# Ebay UK



## Romix (Aug 28, 2014)

Almost 4LB of computer chips pulled out from motherboards, ram's and other computer components. 
http://www.ebay.co.uk/itm/Almost-4-LB-of-computer-chips-for-gold-recovery-1-92KG-/321502407820?pt=UK_Computing_ComputerComponents_MemoryRAM_JN&hash=item4adb096c8c


----------



## Romix (Sep 4, 2014)

http://cgi.ebay.co.uk/ws/eBayISAPI.dll?ViewItem&item=321511622390
Partly plated, low yield computer pins for gold recovery.
331 Gramm.
Base metal brass with nickel & gold plate.


----------



## Romix (Sep 6, 2014)

http://cgi.ebay.co.uk/ws/eBayISAPI.dll?ViewItem&item=321513688278
3LB, 1.5KG Ram boards
Every thing removed (No fingers)
Clean boards with a bit of solder left.
All this dots and lines on it are gold.
Copper & Gold.


----------



## RikkiRicardo (Sep 6, 2014)

Sorry if I'm wrong all i see is garbage to me this is spam, garbage 
keep your stuff on Ebay you have taken the value out, why spam this garbage
do you really think that we are into buying base metals in this forum? Yes if you had many tons
Sorry i feel that you are just wasting space on this forum if I'm wrong
Sorry but this is what i see where here to learn not spam garbage also people here are to Sell and buy but please look at your stuff
I'm sure that nobody wants processed stuff,I just see waste of space on this.
And i will not reply after this you think what you are doing.

RikkiRicardo


----------



## patnor1011 (Sep 7, 2014)

Nothing wrong with his stuff. Somebody did good on first auction, there is some gold to be recovered on second one too. third one is probably not worth to pay shipping but some people are recovering gold from under solder mask.
While I know that everyone want to be rich quick, I see no problem when people sell small lots of stuff which will make you money too if you get them at right price. 
There is no need to attack other members when they only do what we all do.
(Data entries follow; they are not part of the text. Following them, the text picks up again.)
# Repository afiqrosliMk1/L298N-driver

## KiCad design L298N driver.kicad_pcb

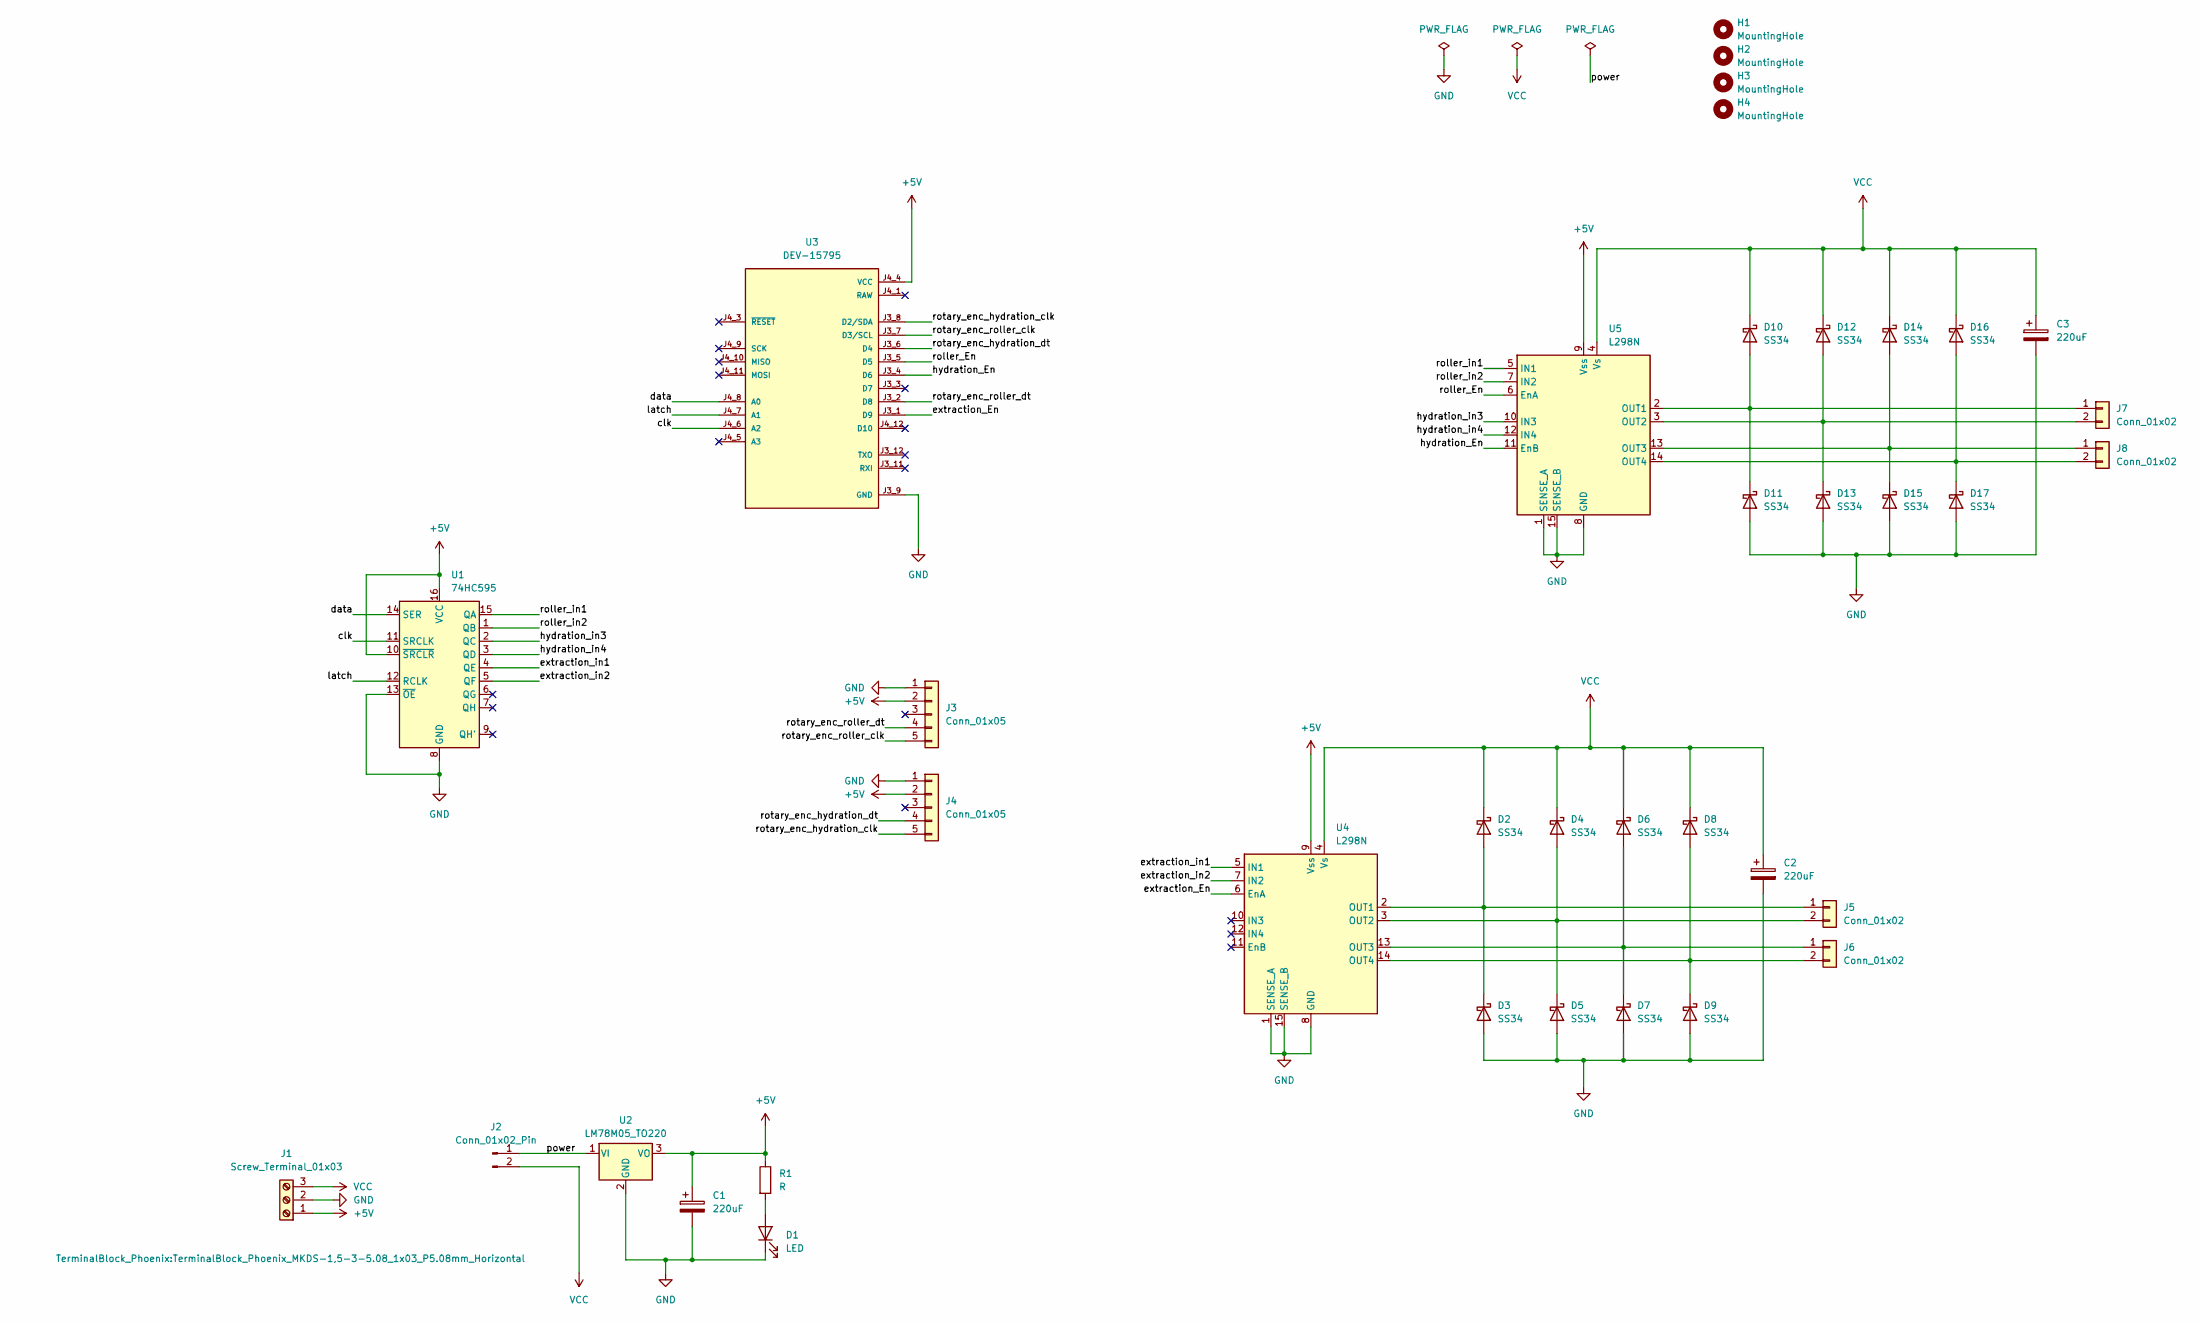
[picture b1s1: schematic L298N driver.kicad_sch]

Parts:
C1, C2, C3: 220uF; CP_Elec_8x10
D1: LED; LED_0805_2012Metric
D2, D3, D4, D5, D6, D7, D8, D9, D10, D11, D12, D13, D14, D15, D16, D17: SS34; D_SMA; PARTREV N/A
H1, H2, H3, H4: MountingHole; MountingHole_3.2mm_M3_Pad_Via
J1: Screw_Terminal_01x03; TerminalBlock_Phoenix_MKDS-1,5-3-5.08_1x03_P5.08mm_Horizont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
J2: Conn_01x02_Pin; PinHeader_1x02_P2.54mm_Vertical
J3, J4: Conn_01x05; JST_XH_B5B-XH-A_1x05_P2.50mm_Vertical
J5, J6, J7, J8: Conn_01x02; JST_XH_B2B-XH-A_1x02_P2.50mm_Vertical
R1: R; R_0805_2012Metric
U1: 74HC595; DIP-16_W7.62mm_Socket
U2: LM78M05_TO220; TO-220-3_Horizontal_TabDown
U3: DEV-15795; MODULE_DEV-15795; PARTREV 2.0
U4, U5: L298N; TO-220-15_P2.54x5.08mm_StaggerOdd_Lead4.58mm_Vertical

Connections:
+5V: C1.1, J1.1, J3.2, J4.2, R1.1, U1.10 (~SRCLR), U1.16 (VCC), U2.3 (VO), U3.J4_4 (VCC), U4.9 (Vss), U5.9 (Vss)
/clk: U1.11 (SRCLK), U3.J4_6 (A2)
/data: U1.14 (SER), U3.J4_8 (A0)
/extraction_En: U3.J3_1 (D9), U4.6 (EnA)
/extraction_in1: U1.4 (QE), U4.5 (IN1)
/extraction_in2: U1.5 (QF), U4.7 (IN2)
/hydration_En: U3.J3_4 (D6), U5.11 (EnB)
/hydration_in3: U1.2 (QC), U5.10 (IN3)
/hydration_in4: U1.3 (QD), U5.12 (IN4)
/latch: U1.12 (RCLK), U3.J4_7 (A1)
/power: J2.1, U2.1 (VI)
/roller_En: U3.J3_5 (D5), U5.6 (EnA)
/roller_in1: U1.15 (QA), U5.5 (IN1)
/roller_in2: U1.1 (QB), U5.7 (IN2)
/rotary_enc_hydration_clk: J4.5, U3.J3_8 (D2/SDA)
/rotary_enc_hydration_dt: J4.4, U3.J3_6 (D4)
/rotary_enc_roller_clk: J3.5, U3.J3_7 (D3/SCL)
/rotary_enc_roller_dt: J3.4, U3.J3_2 (D8)
GND: C1.2, C2.2, C3.2, D1.1 (K), D3.2 (A), D5.2 (A), D7.2 (A), D9.2 (A), D11.2 (A), D13.2 (A), D15.2 (A), D17.2 (A), J1.2, J3.1, J4.1, U1.8 (GND), U1.13 (~OE), U2.2 (GND), U3.J3_9 (GND), U3.J3_10 (GND), U3.J4_2 (GND), U4.1 (SENSE_A), U4.8 (GND), U4.15 (SENSE_B), U5.1 (SENSE_A), U5.8 (GND), U5.15 (SENSE_B)
unnamed: D1.2 (A), R1.2
unnamed: D2.2 (A), D3.1 (K), J5.1, U4.2 (OUT1)
unnamed: D4.2 (A), D5.1 (K), J5.2, U4.3 (OUT2)
unnamed: D6.2 (A), D7.1 (K), J6.1, U4.13 (OUT3)
unnamed: D8.2 (A), D9.1 (K), J6.2, U4.14 (OUT4)
unnamed: D10.2 (A), D11.1 (K), J7.1, U5.2 (OUT1)
unnamed: D12.2 (A), D13.1 (K), J7.2, U5.3 (OUT2)
unnamed: D14.2 (A), D15.1 (K), J8.1, U5.13 (OUT3)
unnamed: D16.2 (A), D17.1 (K), J8.2, U5.14 (OUT4)
VCC: C2.1, C3.1, D2.1 (K), D4.1 (K), D6.1 (K), D8.1 (K), D10.1 (K), D12.1 (K), D14.1 (K), D16.1 (K), J1.3, J2.2, U4.4 (Vs), U5.4 (Vs)

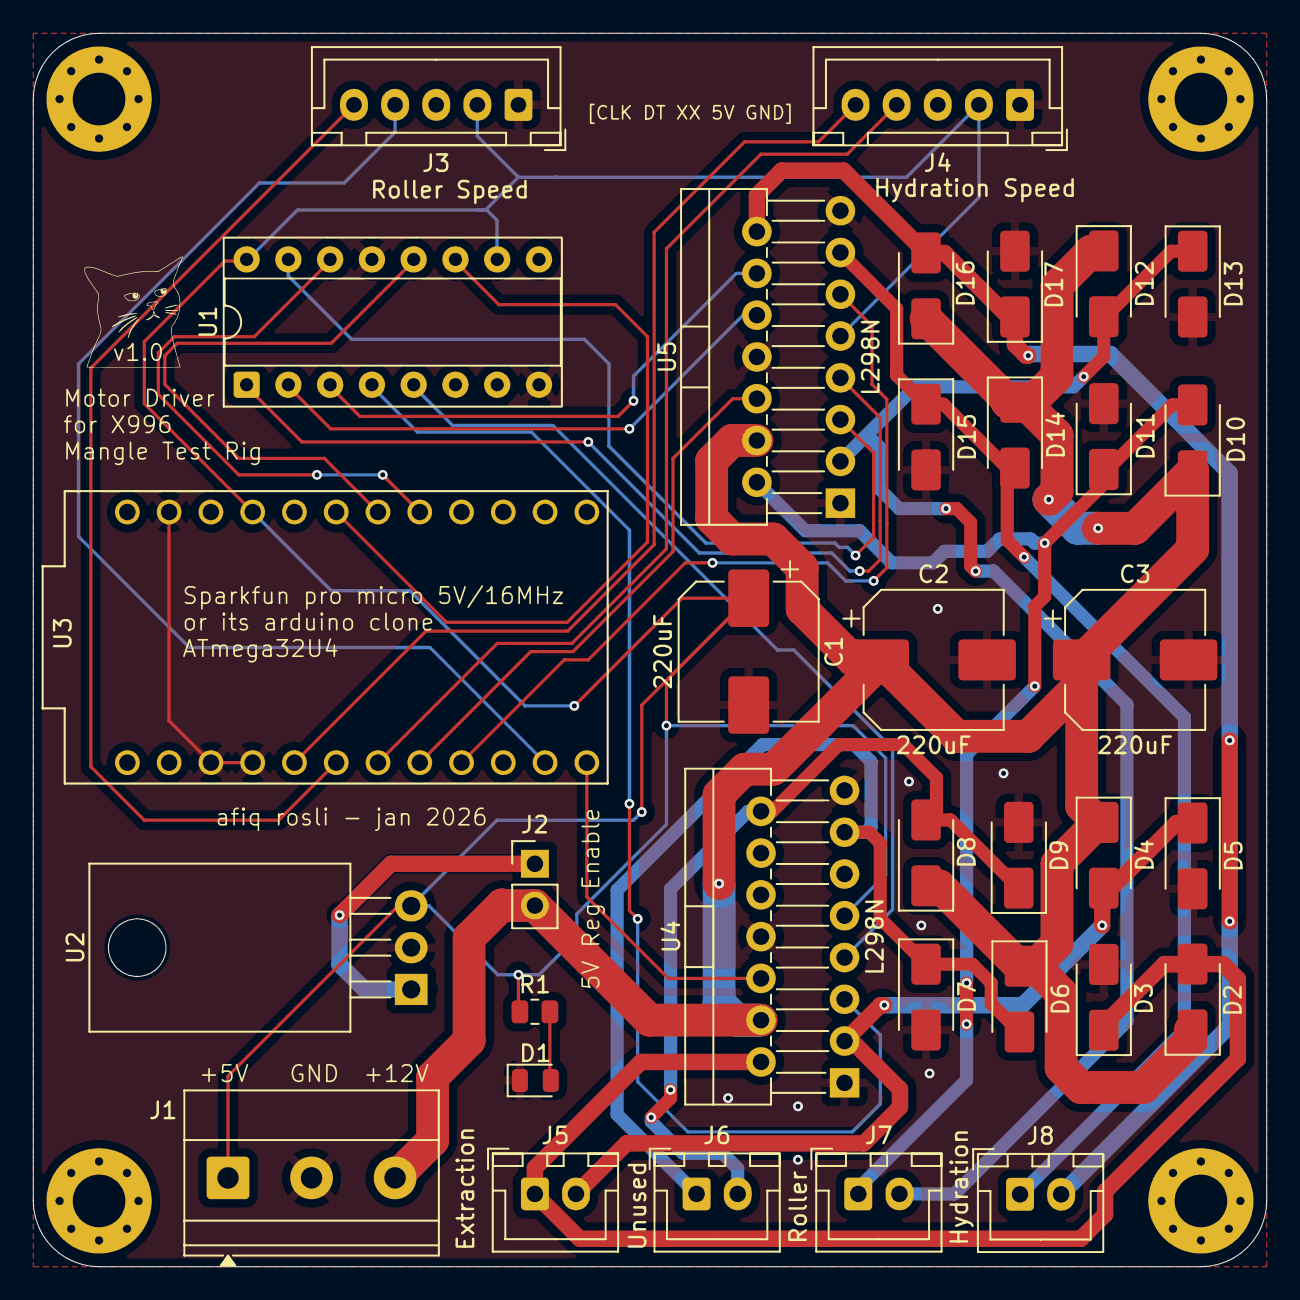
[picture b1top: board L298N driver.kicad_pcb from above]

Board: 2 copper layers, 75.0 x 75.0 mm, 38 parts (0 on the bottom side), 29 nets.

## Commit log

2026-01-20 first draft
2026-01-20 add README
2026-01-21 changed to fast switching diode UF4004
2026-01-22 preliminary component placement and trace routing
2026-01-25 finished preliminary routing
2026-01-26 rounded corners
2026-01-26 fat traces for 12v and L298N out
2026-01-26 silkscreen labels
2026-01-26 png for README
2026-01-26 add preview pic to the README
2026-01-26 copper pour
2026-01-27 initial component layout and smd diode
2026-01-28 draft layout for smd and 3x3 board. drc error still exist
2026-01-28 fix silkscreen and thermal relief issue
2026-01-28 update silkscreen zoning out cat
2026-01-29 fat VCC traces
2026-01-29 fat OUT traces
2026-01-31 update gitignore and add gerbers folder
2026-01-31 gitignore everything in gerbers except gitkeep
2026-01-31 fine tune traces
2026-02-03 update preview photo
2026-03-07 correct shift register to DIP-16 and power net trace width

Somebody start small somebody have access to more.
One man's junk is another man's treasure.


----------



## RikkiRicardo (Sep 7, 2014)

patnor1011

I agree with you on the first one now the other two 99 percent has been stripped.
Also i was not attacking him i was just stating that the stuff is garbage The shipping would kill you.
I hear all the time on the board about the stuff that is garbage on Ebay so why waste space on here.
Do you feel that there is any gold worth paying for the shipping on the second and third ? Plus time and chemicals.


RikkiRicardo


----------



## justinhcase (Sep 7, 2014)

I missed the first one By 50p.Never mind.
Bridge water is a small industrial town so he should have some more stock soon.
lets hope he offers us the good stuff from now on.
If he would like to save on eBay costs and shipping I am just down the road.


----------



## Claudie (Sep 7, 2014)

I once saw an auction for processed fingers, they already had the Gold plating removed. They sold for a lot of money, worthless as they were. I don't think it was an honorable thing for the seller to do by even listing them for sale. I am sure they buyer did not read the description before he bid, so I guess it was his own fault for getting a bad deal. There are thousands of people buying Gold related items on ebay and paying extreme prices for it, I guess they just don't know any better.
At least with the auction listed here, there is a chance of recovering some Gold. I guess it's just a buyer beware world we live in. :|


----------



## Romix (Sep 17, 2014)

15 Laptop RAMs,1-CPU- Working Condition.
http://www.ebay.co.uk/itm/15-laptop-RAMs-1-CPU-Working-/321527681764


----------



## Romix (Oct 1, 2014)

http://www.ebay.co.uk/itm/computer-scrap-for-gold-recovery-15kg-box-full-/131309236001?pt=UK_Computing_ComputerComponents_MemoryRAM_JN&hash=item1e92a3ef21


----------



## Romix (Oct 15, 2014)

<---------------------------------------------------------------------------------------------------------------------------->
http://www.ebay.co.uk/itm/53-CPU-for-Gold-Recovery-/321552786614?

53 CPUs. 
Pins magnetic!
<---------------------------------------------------------------------------------------------------------------------------->


----------



## Romix (Oct 15, 2014)

Claudie said:


> I once saw an auction for processed fingers, they already had the Gold plating removed. They sold for a lot of money, worthless as they were. I don't think it was an honorable thing for the seller to do by even listing them for sale. I am sure they buyer did not read the description before he bid, so I guess it was his own fault for getting a bad deal. There are thousands of people buying Gold related items on ebay and paying extreme prices for it, I guess they just don't know any better.
> At least with the auction listed here, there is a chance of recovering some Gold. I guess it's just a buyer beware world we live in. :|



People do buy em in big amounts (tones) for copper recovery! and CPU boards with pins removed.


----------



## Anonymous (Oct 15, 2014)

Romix, was there any other purpose to you being here apart from advertising your ebay auctions? Just wondering. Seems a little strange.


----------



## Romix (Oct 15, 2014)

spaceships said:


> Romix, was there any other purpose to you being here apart from advertising your ebay auctions? Just wondering. Seems a little strange.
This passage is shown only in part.